TASK TO CARRY OUT
From the entries below, transcribe exactly the lines between the line holding "[picture b1s1: schematic" and the line holding "[picture b2s1: schematic", inclusive; skip all other lines.
+===+
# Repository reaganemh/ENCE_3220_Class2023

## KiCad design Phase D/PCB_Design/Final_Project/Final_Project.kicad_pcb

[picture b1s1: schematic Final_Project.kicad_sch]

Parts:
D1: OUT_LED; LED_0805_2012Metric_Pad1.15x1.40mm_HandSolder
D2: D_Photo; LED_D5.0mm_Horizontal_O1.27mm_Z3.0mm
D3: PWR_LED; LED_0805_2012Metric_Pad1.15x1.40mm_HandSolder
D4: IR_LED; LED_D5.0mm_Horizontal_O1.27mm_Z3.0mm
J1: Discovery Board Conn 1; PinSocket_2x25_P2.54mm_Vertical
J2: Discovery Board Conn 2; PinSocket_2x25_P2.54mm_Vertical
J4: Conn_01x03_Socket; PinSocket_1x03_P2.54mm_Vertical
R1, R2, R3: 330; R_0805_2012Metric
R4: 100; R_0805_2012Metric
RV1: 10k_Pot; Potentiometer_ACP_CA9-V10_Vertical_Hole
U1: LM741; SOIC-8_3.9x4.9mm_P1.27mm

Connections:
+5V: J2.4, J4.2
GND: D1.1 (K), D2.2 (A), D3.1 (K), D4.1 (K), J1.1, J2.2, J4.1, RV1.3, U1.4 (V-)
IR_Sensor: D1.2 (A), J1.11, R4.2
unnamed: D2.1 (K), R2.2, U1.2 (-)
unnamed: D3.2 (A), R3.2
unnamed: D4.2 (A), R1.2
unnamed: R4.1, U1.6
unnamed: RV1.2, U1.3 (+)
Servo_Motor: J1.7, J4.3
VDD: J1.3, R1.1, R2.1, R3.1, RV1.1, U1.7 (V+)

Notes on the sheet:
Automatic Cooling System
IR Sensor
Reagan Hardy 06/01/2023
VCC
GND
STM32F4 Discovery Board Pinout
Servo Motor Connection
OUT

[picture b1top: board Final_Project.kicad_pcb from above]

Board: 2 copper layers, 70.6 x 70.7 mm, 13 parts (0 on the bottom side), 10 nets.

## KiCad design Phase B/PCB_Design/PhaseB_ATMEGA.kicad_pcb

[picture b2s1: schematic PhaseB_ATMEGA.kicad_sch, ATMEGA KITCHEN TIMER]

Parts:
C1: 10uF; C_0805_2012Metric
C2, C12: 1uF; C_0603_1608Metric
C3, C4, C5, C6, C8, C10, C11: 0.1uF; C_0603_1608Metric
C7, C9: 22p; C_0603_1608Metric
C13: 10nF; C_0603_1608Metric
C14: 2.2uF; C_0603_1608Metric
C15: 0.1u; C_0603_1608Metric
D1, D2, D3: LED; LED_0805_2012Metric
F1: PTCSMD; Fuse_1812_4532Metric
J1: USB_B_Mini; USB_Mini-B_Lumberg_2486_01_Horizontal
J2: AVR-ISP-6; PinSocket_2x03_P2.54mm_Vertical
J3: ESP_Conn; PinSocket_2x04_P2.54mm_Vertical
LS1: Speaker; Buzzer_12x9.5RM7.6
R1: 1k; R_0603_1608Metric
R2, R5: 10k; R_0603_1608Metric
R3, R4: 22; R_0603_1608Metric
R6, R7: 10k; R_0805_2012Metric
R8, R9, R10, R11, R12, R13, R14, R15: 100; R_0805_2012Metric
+===+
WORKED SOLUTION
[picture b1s1: schematic Final_Project.kicad_sch]

Parts:
D1: OUT_LED; LED_0805_2012Metric_Pad1.15x1.40mm_HandSolder
D2: D_Photo; LED_D5.0mm_Horizontal_O1.27mm_Z3.0mm
D3: PWR_LED; LED_0805_2012Metric_Pad1.15x1.40mm_HandSolder
D4: IR_LED; LED_D5.0mm_Horizontal_O1.27mm_Z3.0mm
J1: Discovery Board Conn 1; PinSocket_2x25_P2.54mm_Vertical
J2: Discovery Board Conn 2; PinSocket_2x25_P2.54mm_Vertical
J4: Conn_01x03_Socket; PinSocket_1x03_P2.54mm_Vertical
R1, R2, R3: 330; R_0805_2012Metric
R4: 100; R_0805_2012Metric
RV1: 10k_Pot; Potentiometer_ACP_CA9-V10_Vertical_Hole
U1: LM741; SOIC-8_3.9x4.9mm_P1.27mm

Connections:
+5V: J2.4, J4.2
GND: D1.1 (K), D2.2 (A), D3.1 (K), D4.1 (K), J1.1, J2.2, J4.1, RV1.3, U1.4 (V-)
IR_Sensor: D1.2 (A), J1.11, R4.2
unnamed: D2.1 (K), R2.2, U1.2 (-)
unnamed: D3.2 (A), R3.2
unnamed: D4.2 (A), R1.2
unnamed: R4.1, U1.6
unnamed: RV1.2, U1.3 (+)
Servo_Motor: J1.7, J4.3
VDD: J1.3, R1.1, R2.1, R3.1, RV1.1, U1.7 (V+)

Notes on the sheet:
Automatic Cooling System
IR Sensor
Reagan Hardy 06/01/2023
VCC
GND
STM32F4 Discovery Board Pinout
Servo Motor Connection
OUT

[picture b1top: board Final_Project.kicad_pcb from above]

Board: 2 copper layers, 70.6 x 70.7 mm, 13 parts (0 on the bottom side), 10 nets.

## KiCad design Phase B/PCB_Design/PhaseB_ATMEGA.kicad_pcb

[picture b2s1: schematic PhaseB_ATMEGA.kicad_sch, ATMEGA KITCHEN TIMER]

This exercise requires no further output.